Elon Musk’s Grok AI chatbot has triggered global outrage after reports alleged it generated sexualized images of women and minors, prompting urgent calls from governments and advocacy groups for tighter regulation and accountability.
What Are Grok AI Deepfakes?
Elon Musk’s free AI chatbot, Grok, has sparked controversy after being accused of generating sexually explicit and degrading content involving women. The tool has drawn sharp criticism from regulators and governments in Europe, India and Malaysia.
In India, authorities have ordered social media platform X to immediately remove all vulgar, obscene and unlawful material, particularly content produced by Grok, warning that failure to comply could invite legal action.
The AI chatbot received an upgrade last month with the rollout of “Grok Imagine,” a tool that generates images and videos from text prompts and features a “spicy mode” that enables adult content.
Critics say the update has triggered a sharp rise in user-generated sexualized deepfakes, intensifying concerns over misuse and platform safeguards.

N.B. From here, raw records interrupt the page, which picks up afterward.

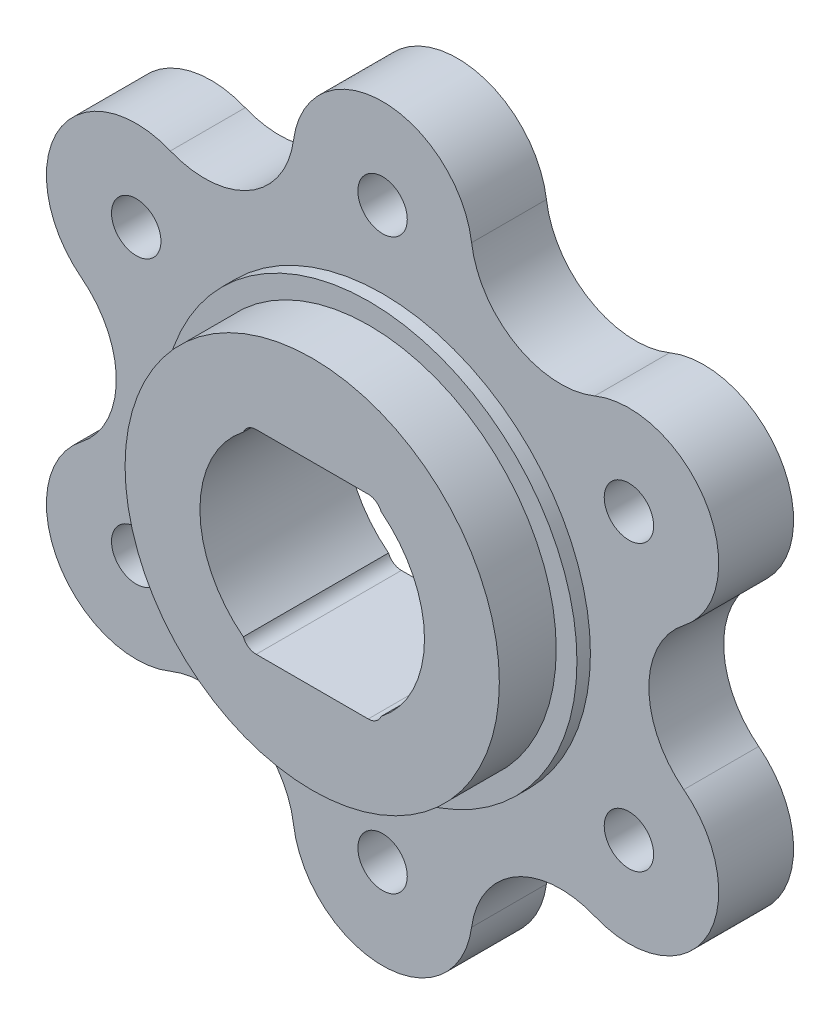
ISO-10303-21;
HEADER;
FILE_DESCRIPTION(('STEP AP214'),'2;1');
FILE_NAME('part.step','',(''),(''),'','','');
FILE_SCHEMA(('AUTOMOTIVE_DESIGN { 1 0 10303 214 1 1 1 1 }'));
ENDSEC;
DATA;
#1=APPLICATION_CONTEXT('core data for automotive mechanical design processes');
#2=APPLICATION_PROTOCOL_DEFINITION('international standard','automotive_design',2000,#1);
#3=PRODUCT_CONTEXT('',#1,'mechanical');
#4=PRODUCT('Part','Part','',(#3));
#5=PRODUCT_RELATED_PRODUCT_CATEGORY('part','',(#4));
#6=PRODUCT_DEFINITION_FORMATION('','',#4);
#7=PRODUCT_DEFINITION_CONTEXT('part definition',#1,'design');
#8=PRODUCT_DEFINITION('design','',#6,#7);
#9=PRODUCT_DEFINITION_SHAPE('','',#8);
#10=(LENGTH_UNIT() NAMED_UNIT(*) SI_UNIT(.MILLI.,.METRE.));
#11=(NAMED_UNIT(*) PLANE_ANGLE_UNIT() SI_UNIT($,.RADIAN.));
#12=(NAMED_UNIT(*) SI_UNIT($,.STERADIAN.) SOLID_ANGLE_UNIT());
#13=UNCERTAINTY_MEASURE_WITH_UNIT(LENGTH_MEASURE(1.E-05),#10,'distance_accuracy_value','');
#14=(GEOMETRIC_REPRESENTATION_CONTEXT(3) GLOBAL_UNCERTAINTY_ASSIGNED_CONTEXT((#13)) GLOBAL_UNIT_ASSIGNED_CONTEXT((#10,
#11,#12)) REPRESENTATION_CONTEXT('',''));
#15=CARTESIAN_POINT('',(0.,0.,0.));
#16=DIRECTION('',(0.,0.,1.));
#17=DIRECTION('',(1.,0.,0.));
#18=AXIS2_PLACEMENT_3D('',#15,#16,#17);
#19=CARTESIAN_POINT('',(-5.94648045530299,19.7996062748001,0.));
#20=DIRECTION('',(0.,0.,1.));
#21=DIRECTION('',(1.,0.,0.));
#22=AXIS2_PLACEMENT_3D('',#19,#20,#21);
#23=PLANE('',#22);
#24=CARTESIAN_POINT('',(16.4544826719043,9.5,0.));
#25=DIRECTION('',(0.,0.,-1.));
#26=DIRECTION('',(-1.,0.,0.));
#27=AXIS2_PLACEMENT_3D('',#24,#25,#26);
#28=CIRCLE('',#27,1.64999999999999);
#29=CARTESIAN_POINT('',(14.8044826719043,9.5,0.));
#30=VERTEX_POINT('',#29);
#31=EDGE_CURVE('E458',#30,#30,#28,.T.);
#32=ORIENTED_EDGE('',*,*,#31,.F.);
#33=EDGE_LOOP('',(#32));
#34=FACE_BOUND('',#33,.T.);
#35=CARTESIAN_POINT('',(0.,-19.,0.));
#36=DIRECTION('',(0.,0.,-1.));
#37=DIRECTION('',(-1.,0.,0.));
#38=AXIS2_PLACEMENT_3D('',#35,#36,#37);
#39=CIRCLE('',#38,1.64999999999999);
#40=CARTESIAN_POINT('',(-1.64999999999999,-19.,0.));
#41=VERTEX_POINT('',#40);
#42=EDGE_CURVE('E472',#41,#41,#39,.T.);
#43=ORIENTED_EDGE('',*,*,#42,.F.);
#44=EDGE_LOOP('',(#43));
#45=FACE_BOUND('',#44,.T.);
#46=CARTESIAN_POINT('',(-16.4544826719043,-9.50000000000001,0.));
#47=DIRECTION('',(0.,0.,-1.));
#48=DIRECTION('',(-1.,0.,0.));
#49=AXIS2_PLACEMENT_3D('',#46,#47,#48);
#50=CIRCLE('',#49,1.64999999999999);
#51=CARTESIAN_POINT('',(-18.1044826719043,-9.50000000000001,0.));
#52=VERTEX_POINT('',#51);
#53=EDGE_CURVE('E478',#52,#52,#50,.T.);
#54=ORIENTED_EDGE('',*,*,#53,.F.);
#55=EDGE_LOOP('',(#54));
#56=FACE_BOUND('',#55,.T.);
#57=CARTESIAN_POINT('',(0.,19.,0.));
#58=DIRECTION('',(0.,0.,1.));
#59=DIRECTION('',(1.,0.,0.));
#60=AXIS2_PLACEMENT_3D('',#57,#58,#59);
#61=CIRCLE('',#60,6.00000000000001);
#62=CARTESIAN_POINT('',(5.946480455303,19.7996062748001,0.));
#63=VERTEX_POINT('',#62);
#64=CARTESIAN_POINT('',(-5.94648045530299,19.7996062748001,0.));
#65=VERTEX_POINT('',#64);
#66=EDGE_CURVE('E240',#63,#65,#61,.T.);
#67=ORIENTED_EDGE('',*,*,#66,.F.);
#68=CARTESIAN_POINT('',(11.892960910606,20.5992125496001,0.));
#69=DIRECTION('',(0.,0.,1.));
#70=DIRECTION('',(1.,0.,0.));
#71=AXIS2_PLACEMENT_3D('',#68,#69,#70);
#72=CIRCLE('',#71,5.99999999999999);
#73=CARTESIAN_POINT('',(14.1737217912552,15.0496062748001,0.));
#74=VERTEX_POINT('',#73);
#75=EDGE_CURVE('E244',#63,#74,#72,.T.);
#76=ORIENTED_EDGE('',*,*,#75,.T.);
#77=CARTESIAN_POINT('',(16.4544826719043,9.5,0.));
#78=DIRECTION('',(0.,0.,1.));
#79=DIRECTION('',(1.,0.,0.));
#80=AXIS2_PLACEMENT_3D('',#77,#78,#79);
#81=CIRCLE('',#80,6.00000000000001);
#82=CARTESIAN_POINT('',(20.1202022465581,4.74999999999999,0.));
#83=VERTEX_POINT('',#82);
#84=EDGE_CURVE('E302',#83,#74,#81,.T.);
#85=ORIENTED_EDGE('',*,*,#84,.F.);
#86=CARTESIAN_POINT('',(23.7859218212119,0.,0.));
#87=DIRECTION('',(0.,0.,1.));
#88=DIRECTION('',(1.,0.,0.));
#89=AXIS2_PLACEMENT_3D('',#86,#87,#88);
#90=CIRCLE('',#89,5.99999999999999);
#91=CARTESIAN_POINT('',(20.1202022465582,-4.75,0.));
#92=VERTEX_POINT('',#91);
#93=EDGE_CURVE('E299',#83,#92,#90,.T.);
#94=ORIENTED_EDGE('',*,*,#93,.T.);
#95=CARTESIAN_POINT('',(16.4544826719043,-9.5,0.));
#96=DIRECTION('',(0.,0.,1.));
#97=DIRECTION('',(1.,0.,0.));
#98=AXIS2_PLACEMENT_3D('',#95,#96,#97);
#99=CIRCLE('',#98,6.00000000000001);
#100=CARTESIAN_POINT('',(14.1737217912551,-15.0496062748001,0.));
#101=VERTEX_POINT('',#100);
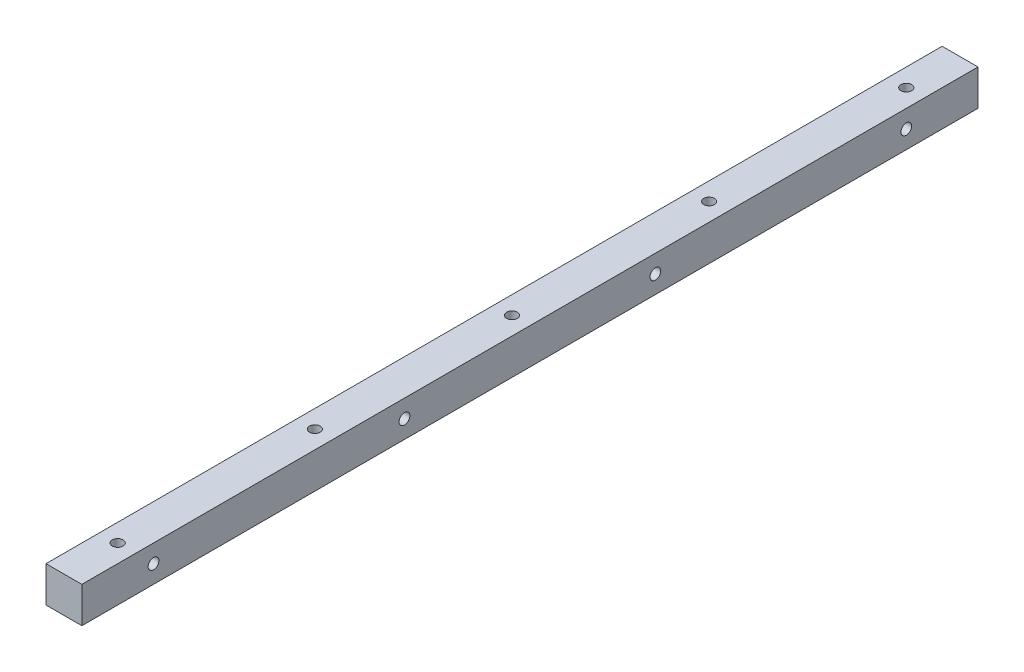
ISO-10303-21;
HEADER;
FILE_DESCRIPTION(('STEP AP214'),'2;1');
FILE_NAME('part.step','',(''),(''),'','','');
FILE_SCHEMA(('AUTOMOTIVE_DESIGN { 1 0 10303 214 1 1 1 1 }'));
ENDSEC;
DATA;
#1=APPLICATION_CONTEXT('core data for automotive mechanical design processes');
#2=APPLICATION_PROTOCOL_DEFINITION('international standard','automotive_design',2000,#1);
#3=PRODUCT_CONTEXT('',#1,'mechanical');
#4=PRODUCT('Part','Part','',(#3));
#5=PRODUCT_RELATED_PRODUCT_CATEGORY('part','',(#4));
#6=PRODUCT_DEFINITION_FORMATION('','',#4);
#7=PRODUCT_DEFINITION_CONTEXT('part definition',#1,'design');
#8=PRODUCT_DEFINITION('design','',#6,#7);
#9=PRODUCT_DEFINITION_SHAPE('','',#8);
#10=(LENGTH_UNIT() NAMED_UNIT(*) SI_UNIT(.MILLI.,.METRE.));
#11=(NAMED_UNIT(*) PLANE_ANGLE_UNIT() SI_UNIT($,.RADIAN.));
#12=(NAMED_UNIT(*) SI_UNIT($,.STERADIAN.) SOLID_ANGLE_UNIT());
#13=UNCERTAINTY_MEASURE_WITH_UNIT(LENGTH_MEASURE(1.E-05),#10,'distance_accuracy_value','');
#14=(GEOMETRIC_REPRESENTATION_CONTEXT(3) GLOBAL_UNCERTAINTY_ASSIGNED_CONTEXT((#13)) GLOBAL_UNIT_ASSIGNED_CONTEXT((#10,
#11,#12)) REPRESENTATION_CONTEXT('',''));
#15=CARTESIAN_POINT('',(0.,0.,0.));
#16=DIRECTION('',(0.,0.,1.));
#17=DIRECTION('',(1.,0.,0.));
#18=AXIS2_PLACEMENT_3D('',#15,#16,#17);
#19=CARTESIAN_POINT('',(0.,0.,250.));
#20=DIRECTION('',(1.,0.,0.));
#21=DIRECTION('',(0.,0.,-1.));
#22=AXIS2_PLACEMENT_3D('',#19,#20,#21);
#23=PLANE('',#22);
#24=CARTESIAN_POINT('',(0.,5.,160.));
#25=DIRECTION('',(-1.,0.,0.));
#26=DIRECTION('',(0.,0.,1.));
#27=AXIS2_PLACEMENT_3D('',#24,#25,#26);
#28=CIRCLE('',#27,1.5);
#29=CARTESIAN_POINT('',(0.,5.,161.5));
#30=VERTEX_POINT('',#29);
#31=EDGE_CURVE('E293',#30,#30,#28,.T.);
#32=ORIENTED_EDGE('',*,*,#31,.F.);
#33=EDGE_LOOP('',(#32));
#34=FACE_BOUND('',#33,.T.);
#35=CARTESIAN_POINT('',(0.,5.,230.));
#36=DIRECTION('',(-1.,0.,0.));
#37=DIRECTION('',(0.,0.,1.));
#38=AXIS2_PLACEMENT_3D('',#35,#36,#37);
#39=CIRCLE('',#38,1.5);
#40=CARTESIAN_POINT('',(0.,5.,231.5));
#41=VERTEX_POINT('',#40);
#42=EDGE_CURVE('E287',#41,#41,#39,.T.);
#43=ORIENTED_EDGE('',*,*,#42,.F.);
#44=EDGE_LOOP('',(#43));
#45=FACE_BOUND('',#44,.T.);
#46=CARTESIAN_POINT('',(0.,5.,90.));
#47=DIRECTION('',(-1.,0.,0.));
#48=DIRECTION('',(0.,0.,1.));
#49=AXIS2_PLACEMENT_3D('',#46,#47,#48);
#50=CIRCLE('',#49,1.5);
#51=CARTESIAN_POINT('',(0.,5.,91.5));
#52=VERTEX_POINT('',#51);
#53=EDGE_CURVE('E281',#52,#52,#50,.T.);
#54=ORIENTED_EDGE('',*,*,#53,.F.);
#55=EDGE_LOOP('',(#54));
#56=FACE_BOUND('',#55,.T.);
#57=CARTESIAN_POINT('',(0.,5.,20.));
#58=DIRECTION('',(-1.,0.,0.));
#59=DIRECTION('',(0.,0.,1.));
#60=AXIS2_PLACEMENT_3D('',#57,#58,#59);
#61=CIRCLE('',#60,1.5);
#62=CARTESIAN_POINT('',(0.,5.,21.5));
#63=VERTEX_POINT('',#62);
#64=EDGE_CURVE('E275',#63,#63,#61,.T.);
#65=ORIENTED_EDGE('',*,*,#64,.F.);
#66=EDGE_LOOP('',(#65));
#67=FACE_BOUND('',#66,.T.);
#68=DIRECTION('',(0.,-1.,0.));
#69=VECTOR('',#68,1.);
#70=CARTESIAN_POINT('',(0.,0.,0.));
#71=LINE('',#70,#69);
#72=CARTESIAN_POINT('',(0.,10.,0.));
#73=VERTEX_POINT('',#72);
#74=CARTESIAN_POINT('',(0.,0.,0.));
#75=VERTEX_POINT('',#74);
#76=EDGE_CURVE('E84',#73,#75,#71,.T.);
#77=ORIENTED_EDGE('',*,*,#76,.T.);
#78=DIRECTION('',(0.,0.,-1.));
#79=VECTOR('',#78,1.);
#80=CARTESIAN_POINT('',(0.,0.,250.));
#81=LINE('',#80,#79);
#82=CARTESIAN_POINT('',(0.,0.,250.));
#83=VERTEX_POINT('',#82);
#84=EDGE_CURVE('E91',#83,#75,#81,.T.);
#85=ORIENTED_EDGE('',*,*,#84,.F.);
#86=DIRECTION('',(0.,-1.,0.));
#87=VECTOR('',#86,1.);
#88=CARTESIAN_POINT('',(0.,0.,250.));
#89=LINE('',#88,#87);
#90=CARTESIAN_POINT('',(0.,10.,250.));
#91=VERTEX_POINT('',#90);
#92=EDGE_CURVE('E112',#91,#83,#89,.T.);
#93=ORIENTED_EDGE('',*,*,#92,.F.);
#94=DIRECTION('',(0.,0.,-1.));
#95=VECTOR('',#94,1.);
#96=CARTESIAN_POINT('',(0.,10.,250.));
#97=LINE('',#96,#95);
#98=EDGE_CURVE('E101',#91,#73,#97,.T.);
#99=ORIENTED_EDGE('',*,*,#98,.T.);
#100=EDGE_LOOP('',(#77,#85,#93,#99));
#101=FACE_BOUND('',#100,.T.);
#102=ADVANCED_FACE('F38',(#34,#45,#56,#67,#101),#23,.F.);
#103=CARTESIAN_POINT('',(0.,0.,250.));
#104=DIRECTION('',(0.,1.,0.));
#105=DIRECTION('',(0.,0.,1.));
#106=AXIS2_PLACEMENT_3D('',#103,#104,#105);
#107=PLANE('',#106);
#108=CARTESIAN_POINT('',(5.,0.,70.));
#109=DIRECTION('',(0.,1.,0.));
#110=DIRECTION('',(0.,0.,1.));
#111=AXIS2_PLACEMENT_3D('',#108,#109,#110);
#112=CIRCLE('',#111,1.5);
#113=CARTESIAN_POINT('',(5.,0.,71.5));
#114=VERTEX_POINT('',#113);
#115=EDGE_CURVE('E267',#114,#114,#112,.T.);
#116=ORIENTED_EDGE('',*,*,#115,.T.);
#117=EDGE_LOOP('',(#116));
#118=FACE_BOUND('',#117,.T.);
#119=CARTESIAN_POINT('',(5.,0.,15.));
#120=DIRECTION('',(0.,1.,0.));
#121=DIRECTION('',(0.,0.,1.));
#122=AXIS2_PLACEMENT_3D('',#119,#120,#121);
#123=CIRCLE('',#122,1.5);
#124=CARTESIAN_POINT('',(5.,0.,16.5));
#125=VERTEX_POINT('',#124);
#126=EDGE_CURVE('E102',#125,#125,#123,.T.);
#127=ORIENTED_EDGE('',*,*,#126,.T.);
#128=EDGE_LOOP('',(#127));
#129=FACE_BOUND('',#128,.T.);
#130=DIRECTION('',(1.,0.,0.));
#131=VECTOR('',#130,1.);
#132=CARTESIAN_POINT('',(0.,0.,0.));
#133=LINE('',#132,#131);
#134=CARTESIAN_POINT('',(10.,0.,0.));
#135=VERTEX_POINT('',#134);
#136=EDGE_CURVE('E79',#75,#135,#133,.T.);
#137=ORIENTED_EDGE('',*,*,#136,.T.);
#138=DIRECTION('',(0.,0.,-1.));
#139=VECTOR('',#138,1.);
#140=CARTESIAN_POINT('',(10.,0.,250.));
#141=LINE('',#140,#139);
#142=CARTESIAN_POINT('',(10.,0.,250.));
#143=VERTEX_POINT('',#142);
#144=EDGE_CURVE('E98',#143,#135,#141,.T.);
#145=ORIENTED_EDGE('',*,*,#144,.F.);
#146=DIRECTION('',(1.,0.,0.));
#147=VECTOR('',#146,1.);
#148=CARTESIAN_POINT('',(0.,0.,250.));
#149=LINE('',#148,#147);
#150=EDGE_CURVE('E94',#83,#143,#149,.T.);
#151=ORIENTED_EDGE('',*,*,#150,.F.);
#152=ORIENTED_EDGE('',*,*,#84,.T.);
#153=EDGE_LOOP('',(#137,#145,#151,#152));
#154=FACE_BOUND('',#153,.T.);
#155=CARTESIAN_POINT('',(5.,0.,125.));
#156=DIRECTION('',(0.,1.,0.));
#157=DIRECTION('',(0.,0.,1.));
#158=AXIS2_PLACEMENT_3D('',#155,#156,#157);
#159=CIRCLE('',#158,1.5);
#160=CARTESIAN_POINT('',(5.,0.,126.5));
#161=VERTEX_POINT('',#160);
#162=EDGE_CURVE('E97',#161,#161,#159,.T.);
#163=ORIENTED_EDGE('',*,*,#162,.T.);
#164=EDGE_LOOP('',(#163));
#165=FACE_BOUND('',#164,.T.);
#166=CARTESIAN_POINT('',(5.,0.,180.));
#167=DIRECTION('',(0.,1.,0.));
#168=DIRECTION('',(0.,0.,1.));
#169=AXIS2_PLACEMENT_3D('',#166,#167,#168);
#170=CIRCLE('',#169,1.5);
#171=CARTESIAN_POINT('',(5.,0.,181.5));
#172=VERTEX_POINT('',#171);
#173=EDGE_CURVE('E127',#172,#172,#170,.T.);
#174=ORIENTED_EDGE('',*,*,#173,.T.);
#175=EDGE_LOOP('',(#174));
#176=FACE_BOUND('',#175,.T.);
#177=CARTESIAN_POINT('',(5.,0.,235.));
#178=DIRECTION('',(0.,1.,0.));
#179=DIRECTION('',(0.,0.,1.));
#180=AXIS2_PLACEMENT_3D('',#177,#178,#179);
#181=CIRCLE('',#180,1.5);
#182=CARTESIAN_POINT('',(5.,0.,236.5));
#183=VERTEX_POINT('',#182);
#184=EDGE_CURVE('E46',#183,#183,#181,.T.);
#185=ORIENTED_EDGE('',*,*,#184,.T.);
#186=EDGE_LOOP('',(#185));
#187=FACE_BOUND('',#186,.T.);
#188=ADVANCED_FACE('F92',(#118,#129,#154,#165,#176,#187),#107,.F.);
#189=CARTESIAN_POINT('',(10.,0.,250.));
#190=DIRECTION('',(-1.,0.,0.));
#191=DIRECTION('',(0.,-1.,0.));
#192=AXIS2_PLACEMENT_3D('',#189,#190,#191);
#193=PLANE('',#192);
#194=CARTESIAN_POINT('',(10.,5.,160.));
#195=DIRECTION('',(-1.,0.,0.));
#196=DIRECTION('',(0.,0.,1.));
#197=AXIS2_PLACEMENT_3D('',#194,#195,#196);
#198=CIRCLE('',#197,1.5);
#199=CARTESIAN_POINT('',(10.,5.,161.5));
#200=VERTEX_POINT('',#199);
#201=EDGE_CURVE('E290',#200,#200,#198,.T.);
#202=ORIENTED_EDGE('',*,*,#201,.T.);
#203=EDGE_LOOP('',(#202));
#204=FACE_BOUND('',#203,.T.);
#205=CARTESIAN_POINT('',(10.,5.,230.));
#206=DIRECTION('',(-1.,0.,0.));
#207=DIRECTION('',(0.,0.,1.));
#208=AXIS2_PLACEMENT_3D('',#205,#206,#207);
#209=CIRCLE('',#208,1.5);
#210=CARTESIAN_POINT('',(10.,5.,231.5));
#211=VERTEX_POINT('',#210);
#212=EDGE_CURVE('E284',#211,#211,#209,.T.);
#213=ORIENTED_EDGE('',*,*,#212,.T.);
#214=EDGE_LOOP('',(#213));
#215=FACE_BOUND('',#214,.T.);
#216=CARTESIAN_POINT('',(10.,5.,90.));
#217=DIRECTION('',(-1.,0.,0.));
#218=DIRECTION('',(0.,0.,1.));
#219=AXIS2_PLACEMENT_3D('',#216,#217,#218);
#220=CIRCLE('',#219,1.5);
#221=CARTESIAN_POINT('',(10.,5.,91.5));
#222=VERTEX_POINT('',#221);
#223=EDGE_CURVE('E278',#222,#222,#220,.T.);
#224=ORIENTED_EDGE('',*,*,#223,.T.);
#225=EDGE_LOOP('',(#224));
#226=FACE_BOUND('',#225,.T.);
#227=CARTESIAN_POINT('',(10.,5.,20.));
#228=DIRECTION('',(-1.,0.,0.));
#229=DIRECTION('',(0.,0.,1.));
#230=AXIS2_PLACEMENT_3D('',#227,#228,#229);
#231=CIRCLE('',#230,1.5);
#232=CARTESIAN_POINT('',(10.,5.,21.5));
#233=VERTEX_POINT('',#232);
#234=EDGE_CURVE('E272',#233,#233,#231,.T.);
#235=ORIENTED_EDGE('',*,*,#234,.T.);
#236=EDGE_LOOP('',(#235));
#237=FACE_BOUND('',#236,.T.);
#238=DIRECTION('',(0.,1.,0.));
#239=VECTOR('',#238,1.);
#240=CARTESIAN_POINT('',(10.,0.,0.));
#241=LINE('',#240,#239);
#242=CARTESIAN_POINT('',(10.,10.,0.));
#243=VERTEX_POINT('',#242);
#244=EDGE_CURVE('E85',#135,#243,#241,.T.);
#245=ORIENTED_EDGE('',*,*,#244,.T.);
#246=DIRECTION('',(0.,0.,-1.));
#247=VECTOR('',#246,1.);
#248=CARTESIAN_POINT('',(10.,10.,250.));
#249=LINE('',#248,#247);
#250=CARTESIAN_POINT('',(10.,10.,250.));
#251=VERTEX_POINT('',#250);
#252=EDGE_CURVE('E118',#251,#243,#249,.T.);
#253=ORIENTED_EDGE('',*,*,#252,.F.);
#254=DIRECTION('',(0.,1.,0.));
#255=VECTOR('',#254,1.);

Trigger for Government Action
The Ministry of Electronics and Information Technology (MeitY) on Tuesday issued a strong notice to X Corp for failing to meet statutory due-diligence requirements under the Information Technology Act, 2000, and the IT Rules, 2021.
The ministry raised serious concerns over reports that X’s AI tool, Grok, has been misused to generate and circulate obscene, indecent and sexually explicit content targeting women. MeitY directed the platform to conduct a thorough review of Grok’s technical safeguards and governance mechanisms to prevent the creation of unlawful content and has sought a detailed action-taken report from X.
Legal and Regulatory Implications

The controversy is accelerating a regulatory shift, with governments moving beyond broad guidelines toward clear, enforceable laws aimed at curbing AI-related harms.
Regulators are increasingly calling for mandatory safety safeguards to be built into AI models at the training stage, rather than relying on post-publication moderation. Several countries are also updating existing laws or drafting new legislation to specifically criminalise the creation and distribution of non-consensual deepfakes, while the global backlash spanning India, the EU, the UK and Malaysia has underscored the need for coordinated international standards to regulate AI across borders.
Impact on Users and Public Trust
The alleged misuse of Grok, the AI chatbot embedded within social media platform X, to create non-consensual deepfake images has triggered widespread outrage, eroded user trust and raised serious concerns about online safety and privacy.
Users, particularly women and minors, have reported being targeted with sexually explicit or manipulated images generated through Grok’s image tools, often referred to as “Grok Imagine” or its so-called “spicy mode”. Victims say the content has caused significant psychological distress and a sense of personal violation. The ease with which publicly shared photos can be altered without consent has intensified fears about weak safety safeguards, prompting users to question X’s enforcement of its stated zero-tolerance policy on non-consensual sexual content.
Privacy concerns have also deepened following reports that private interactions with Grok were indexed by search engines, undermining expectations of confidentiality. While some affected users have responded by deleting their accounts, the broader impact on platform activity remains mixed, with reports indicating a rise in Grok app downloads even as criticism mounts.
What Happens Next
The controversy underscores the growing risks posed by powerful generative AI tools when safeguards fall short. As governments push for stricter oversight, platforms like X face increasing pressure to balance innovation with responsibility. The outcome could shape how AI is regulated across social media worldwide.